[Source data]
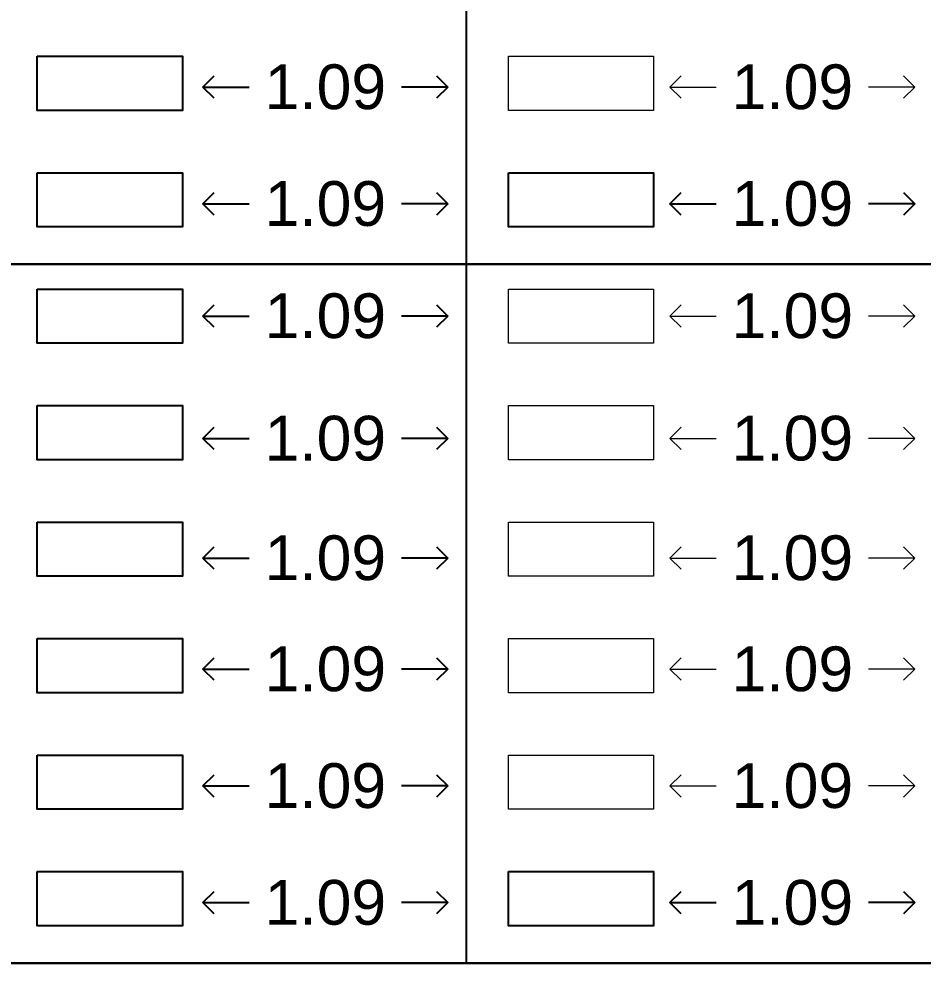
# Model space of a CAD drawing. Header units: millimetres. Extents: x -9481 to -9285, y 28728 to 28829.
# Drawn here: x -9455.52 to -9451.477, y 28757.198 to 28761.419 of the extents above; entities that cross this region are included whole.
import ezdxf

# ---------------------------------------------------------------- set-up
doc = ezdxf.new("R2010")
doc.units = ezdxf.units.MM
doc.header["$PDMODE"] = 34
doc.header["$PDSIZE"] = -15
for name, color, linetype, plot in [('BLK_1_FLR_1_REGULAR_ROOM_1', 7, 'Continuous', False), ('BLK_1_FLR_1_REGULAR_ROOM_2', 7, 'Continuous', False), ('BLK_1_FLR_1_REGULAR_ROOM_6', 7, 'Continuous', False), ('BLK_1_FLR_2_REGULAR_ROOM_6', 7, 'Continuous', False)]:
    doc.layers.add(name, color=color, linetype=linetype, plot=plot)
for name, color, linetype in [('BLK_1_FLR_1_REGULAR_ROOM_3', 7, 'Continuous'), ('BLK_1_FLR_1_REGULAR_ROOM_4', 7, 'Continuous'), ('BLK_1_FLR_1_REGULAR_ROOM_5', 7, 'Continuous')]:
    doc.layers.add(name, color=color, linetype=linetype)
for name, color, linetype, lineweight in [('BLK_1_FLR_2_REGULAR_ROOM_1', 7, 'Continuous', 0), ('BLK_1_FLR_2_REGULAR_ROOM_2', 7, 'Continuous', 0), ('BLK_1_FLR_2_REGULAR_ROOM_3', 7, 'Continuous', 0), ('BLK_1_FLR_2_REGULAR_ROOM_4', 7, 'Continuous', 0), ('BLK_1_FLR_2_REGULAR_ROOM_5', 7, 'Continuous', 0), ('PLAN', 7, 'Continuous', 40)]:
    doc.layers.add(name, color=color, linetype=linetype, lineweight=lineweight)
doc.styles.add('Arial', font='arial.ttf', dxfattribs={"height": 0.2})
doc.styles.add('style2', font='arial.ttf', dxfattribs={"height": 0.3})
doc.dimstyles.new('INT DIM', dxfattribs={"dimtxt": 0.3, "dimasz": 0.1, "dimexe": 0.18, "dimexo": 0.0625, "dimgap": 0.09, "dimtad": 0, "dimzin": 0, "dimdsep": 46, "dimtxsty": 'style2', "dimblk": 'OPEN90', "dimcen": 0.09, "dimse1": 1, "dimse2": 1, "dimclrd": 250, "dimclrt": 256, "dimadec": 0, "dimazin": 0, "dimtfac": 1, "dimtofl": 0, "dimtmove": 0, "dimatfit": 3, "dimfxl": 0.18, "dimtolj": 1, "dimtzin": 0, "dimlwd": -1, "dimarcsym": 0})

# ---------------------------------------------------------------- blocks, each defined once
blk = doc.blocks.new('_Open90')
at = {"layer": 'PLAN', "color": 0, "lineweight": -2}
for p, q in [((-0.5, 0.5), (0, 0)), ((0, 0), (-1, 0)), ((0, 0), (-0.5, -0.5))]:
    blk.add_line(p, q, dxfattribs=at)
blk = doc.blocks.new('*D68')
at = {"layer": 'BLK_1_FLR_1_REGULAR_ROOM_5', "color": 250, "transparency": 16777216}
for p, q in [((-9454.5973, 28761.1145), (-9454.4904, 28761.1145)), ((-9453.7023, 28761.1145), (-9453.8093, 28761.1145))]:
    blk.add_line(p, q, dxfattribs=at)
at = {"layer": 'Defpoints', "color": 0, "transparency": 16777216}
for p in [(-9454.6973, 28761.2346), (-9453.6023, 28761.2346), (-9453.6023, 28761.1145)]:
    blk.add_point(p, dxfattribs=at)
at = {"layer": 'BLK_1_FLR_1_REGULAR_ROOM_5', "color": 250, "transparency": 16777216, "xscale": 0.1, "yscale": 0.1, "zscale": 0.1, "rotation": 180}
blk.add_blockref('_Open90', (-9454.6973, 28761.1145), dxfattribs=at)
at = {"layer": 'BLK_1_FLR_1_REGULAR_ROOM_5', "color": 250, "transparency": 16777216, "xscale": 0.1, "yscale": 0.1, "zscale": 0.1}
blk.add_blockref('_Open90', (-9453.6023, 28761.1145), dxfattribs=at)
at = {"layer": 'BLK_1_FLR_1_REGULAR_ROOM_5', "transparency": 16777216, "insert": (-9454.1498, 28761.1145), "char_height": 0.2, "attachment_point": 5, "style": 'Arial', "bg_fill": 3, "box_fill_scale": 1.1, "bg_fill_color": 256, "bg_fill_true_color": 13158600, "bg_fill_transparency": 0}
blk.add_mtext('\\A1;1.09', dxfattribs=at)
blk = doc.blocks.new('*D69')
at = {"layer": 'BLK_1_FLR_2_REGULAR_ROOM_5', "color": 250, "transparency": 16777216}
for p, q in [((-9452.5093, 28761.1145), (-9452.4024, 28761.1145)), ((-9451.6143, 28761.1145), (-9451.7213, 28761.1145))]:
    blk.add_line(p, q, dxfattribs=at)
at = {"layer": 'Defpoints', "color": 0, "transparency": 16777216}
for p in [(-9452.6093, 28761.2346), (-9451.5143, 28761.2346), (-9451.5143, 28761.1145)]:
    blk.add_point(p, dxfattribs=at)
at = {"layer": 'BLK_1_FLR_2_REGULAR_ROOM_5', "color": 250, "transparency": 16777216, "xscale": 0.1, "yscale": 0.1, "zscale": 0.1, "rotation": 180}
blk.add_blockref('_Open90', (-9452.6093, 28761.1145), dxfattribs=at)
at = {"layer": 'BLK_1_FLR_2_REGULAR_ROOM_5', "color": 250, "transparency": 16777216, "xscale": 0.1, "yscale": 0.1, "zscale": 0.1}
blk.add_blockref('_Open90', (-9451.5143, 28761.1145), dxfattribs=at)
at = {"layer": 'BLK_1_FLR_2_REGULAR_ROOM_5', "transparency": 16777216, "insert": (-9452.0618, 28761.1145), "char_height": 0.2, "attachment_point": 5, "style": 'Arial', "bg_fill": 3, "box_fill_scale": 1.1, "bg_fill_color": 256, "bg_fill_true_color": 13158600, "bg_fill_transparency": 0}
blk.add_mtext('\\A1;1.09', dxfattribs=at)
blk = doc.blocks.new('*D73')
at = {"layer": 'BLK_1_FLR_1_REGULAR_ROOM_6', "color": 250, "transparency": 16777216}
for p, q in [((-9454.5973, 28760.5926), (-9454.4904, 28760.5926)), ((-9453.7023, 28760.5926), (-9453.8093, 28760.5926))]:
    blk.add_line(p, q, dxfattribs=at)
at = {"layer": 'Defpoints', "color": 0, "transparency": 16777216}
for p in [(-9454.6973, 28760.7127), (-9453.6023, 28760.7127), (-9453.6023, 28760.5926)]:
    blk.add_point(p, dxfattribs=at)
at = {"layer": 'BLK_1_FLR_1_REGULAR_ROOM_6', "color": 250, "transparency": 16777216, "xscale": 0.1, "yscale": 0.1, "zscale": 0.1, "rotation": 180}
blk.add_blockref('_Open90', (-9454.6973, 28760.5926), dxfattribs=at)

WHAT YOU NEED TO DO → Without changing a word, retype every entry above, but drop its pictures.

RESULT OF THIS TASK →
# Model space of a CAD drawing. Header units: millimetres. Extents: x -9481 to -9285, y 28728 to 28829.
# Drawn here: x -9455.52 to -9451.477, y 28757.198 to 28761.419 of the extents above; entities that cross this region are included whole.
import ezdxf

# ---------------------------------------------------------------- set-up
doc = ezdxf.new("R2010")
doc.units = ezdxf.units.MM
doc.header["$PDMODE"] = 34
doc.header["$PDSIZE"] = -15
for name, color, linetype, plot in [('BLK_1_FLR_1_REGULAR_ROOM_1', 7, 'Continuous', False), ('BLK_1_FLR_1_REGULAR_ROOM_2', 7, 'Continuous', False), ('BLK_1_FLR_1_REGULAR_ROOM_6', 7, 'Continuous', False), ('BLK_1_FLR_2_REGULAR_ROOM_6', 7, 'Continuous', False)]:
    doc.layers.add(name, color=color, linetype=linetype, plot=plot)
for name, color, linetype in [('BLK_1_FLR_1_REGULAR_ROOM_3', 7, 'Continuous'), ('BLK_1_FLR_1_REGULAR_ROOM_4', 7, 'Continuous'), ('BLK_1_FLR_1_REGULAR_ROOM_5', 7, 'Continuous')]:
    doc.layers.add(name, color=color, linetype=linetype)
for name, color, linetype, lineweight in [('BLK_1_FLR_2_REGULAR_ROOM_1', 7, 'Continuous', 0), ('BLK_1_FLR_2_REGULAR_ROOM_2', 7, 'Continuous', 0), ('BLK_1_FLR_2_REGULAR_ROOM_3', 7, 'Continuous', 0), ('BLK_1_FLR_2_REGULAR_ROOM_4', 7, 'Continuous', 0), ('BLK_1_FLR_2_REGULAR_ROOM_5', 7, 'Continuous', 0), ('PLAN', 7, 'Continuous', 40)]:
    doc.layers.add(name, color=color, linetype=linetype, lineweight=lineweight)
doc.styles.add('Arial', font='arial.ttf', dxfattribs={"height": 0.2})
doc.styles.add('style2', font='arial.ttf', dxfattribs={"height": 0.3})
doc.dimstyles.new('INT DIM', dxfattribs={"dimtxt": 0.3, "dimasz": 0.1, "dimexe": 0.18, "dimexo": 0.0625, "dimgap": 0.09, "dimtad": 0, "dimzin": 0, "dimdsep": 46, "dimtxsty": 'style2', "dimblk": 'OPEN90', "dimcen": 0.09, "dimse1": 1, "dimse2": 1, "dimclrd": 250, "dimclrt": 256, "dimadec": 0, "dimazin": 0, "dimtfac": 1, "dimtofl": 0, "dimtmove": 0, "dimatfit": 3, "dimfxl": 0.18, "dimtolj": 1, "dimtzin": 0, "dimlwd": -1, "dimarcsym": 0})

# ---------------------------------------------------------------- blocks, each defined once
blk = doc.blocks.new('_Open90')
at = {"layer": 'PLAN', "color": 0, "lineweight": -2}
for p, q in [((-0.5, 0.5), (0, 0)), ((0, 0), (-1, 0)), ((0, 0), (-0.5, -0.5))]:
    blk.add_line(p, q, dxfattribs=at)
blk = doc.blocks.new('*D68')
at = {"layer": 'BLK_1_FLR_1_REGULAR_ROOM_5', "color": 250, "transparency": 16777216}
for p, q in [((-9454.5973, 28761.1145), (-9454.4904, 28761.1145)), ((-9453.7023, 28761.1145), (-9453.8093, 28761.1145))]:
    blk.add_line(p, q, dxfattribs=at)
at = {"layer": 'Defpoints', "color": 0, "transparency": 16777216}
for p in [(-9454.6973, 28761.2346), (-9453.6023, 28761.2346), (-9453.6023, 28761.1145)]:
    blk.add_point(p, dxfattribs=at)
at = {"layer": 'BLK_1_FLR_1_REGULAR_ROOM_5', "color": 250, "transparency": 16777216, "xscale": 0.1, "yscale": 0.1, "zscale": 0.1, "rotation": 180}
blk.add_blockref('_Open90', (-9454.6973, 28761.1145), dxfattribs=at)
at = {"layer": 'BLK_1_FLR_1_REGULAR_ROOM_5', "color": 250, "transparency": 16777216, "xscale": 0.1, "yscale": 0.1, "zscale": 0.1}
blk.add_blockref('_Open90', (-9453.6023, 28761.1145), dxfattribs=at)
at = {"layer": 'BLK_1_FLR_1_REGULAR_ROOM_5', "transparency": 16777216, "insert": (-9454.1498, 28761.1145), "char_height": 0.2, "attachment_point": 5, "style": 'Arial', "bg_fill": 3, "box_fill_scale": 1.1, "bg_fill_color": 256, "bg_fill_true_color": 13158600, "bg_fill_transparency": 0}
blk.add_mtext('\\A1;1.09', dxfattribs=at)
blk = doc.blocks.new('*D69')
at = {"layer": 'BLK_1_FLR_2_REGULAR_ROOM_5', "color": 250, "transparency": 16777216}
for p, q in [((-9452.5093, 28761.1145), (-9452.4024, 28761.1145)), ((-9451.6143, 28761.1145), (-9451.7213, 28761.1145))]:
    blk.add_line(p, q, dxfattribs=at)
at = {"layer": 'Defpoints', "color": 0, "transparency": 16777216}
for p in [(-9452.6093, 28761.2346), (-9451.5143, 28761.2346), (-9451.5143, 28761.1145)]:
    blk.add_point(p, dxfattribs=at)
at = {"layer": 'BLK_1_FLR_2_REGULAR_ROOM_5', "color": 250, "transparency": 16777216, "xscale": 0.1, "yscale": 0.1, "zscale": 0.1, "rotation": 180}
blk.add_blockref('_Open90', (-9452.6093, 28761.1145), dxfattribs=at)
at = {"layer": 'BLK_1_FLR_2_REGULAR_ROOM_5', "color": 250, "transparency": 16777216, "xscale": 0.1, "yscale": 0.1, "zscale": 0.1}
blk.add_blockref('_Open90', (-9451.5143, 28761.1145), dxfattribs=at)
at = {"layer": 'BLK_1_FLR_2_REGULAR_ROOM_5', "transparency": 16777216, "insert": (-9452.0618, 28761.1145), "char_height": 0.2, "attachment_point": 5, "style": 'Arial', "bg_fill": 3, "box_fill_scale": 1.1, "bg_fill_color": 256, "bg_fill_true_color": 13158600, "bg_fill_transparency": 0}
blk.add_mtext('\\A1;1.09', dxfattribs=at)
blk = doc.blocks.new('*D73')
at = {"layer": 'BLK_1_FLR_1_REGULAR_ROOM_6', "color": 250, "transparency": 16777216}
for p, q in [((-9454.5973, 28760.5926), (-9454.4904, 28760.5926)), ((-9453.7023, 28760.5926), (-9453.8093, 28760.5926))]:
    blk.add_line(p, q, dxfattribs=at)
at = {"layer": 'Defpoints', "color": 0, "transparency": 16777216}
for p in [(-9454.6973, 28760.7127), (-9453.6023, 28760.7127), (-9453.6023, 28760.5926)]:
    blk.add_point(p, dxfattribs=at)
at = {"layer": 'BLK_1_FLR_1_REGULAR_ROOM_6', "color": 250, "transparency": 16777216, "xscale": 0.1, "yscale": 0.1, "zscale": 0.1, "rotation": 180}
blk.add_blockref('_Open90', (-9454.6973, 28760.5926), dxfattribs=at)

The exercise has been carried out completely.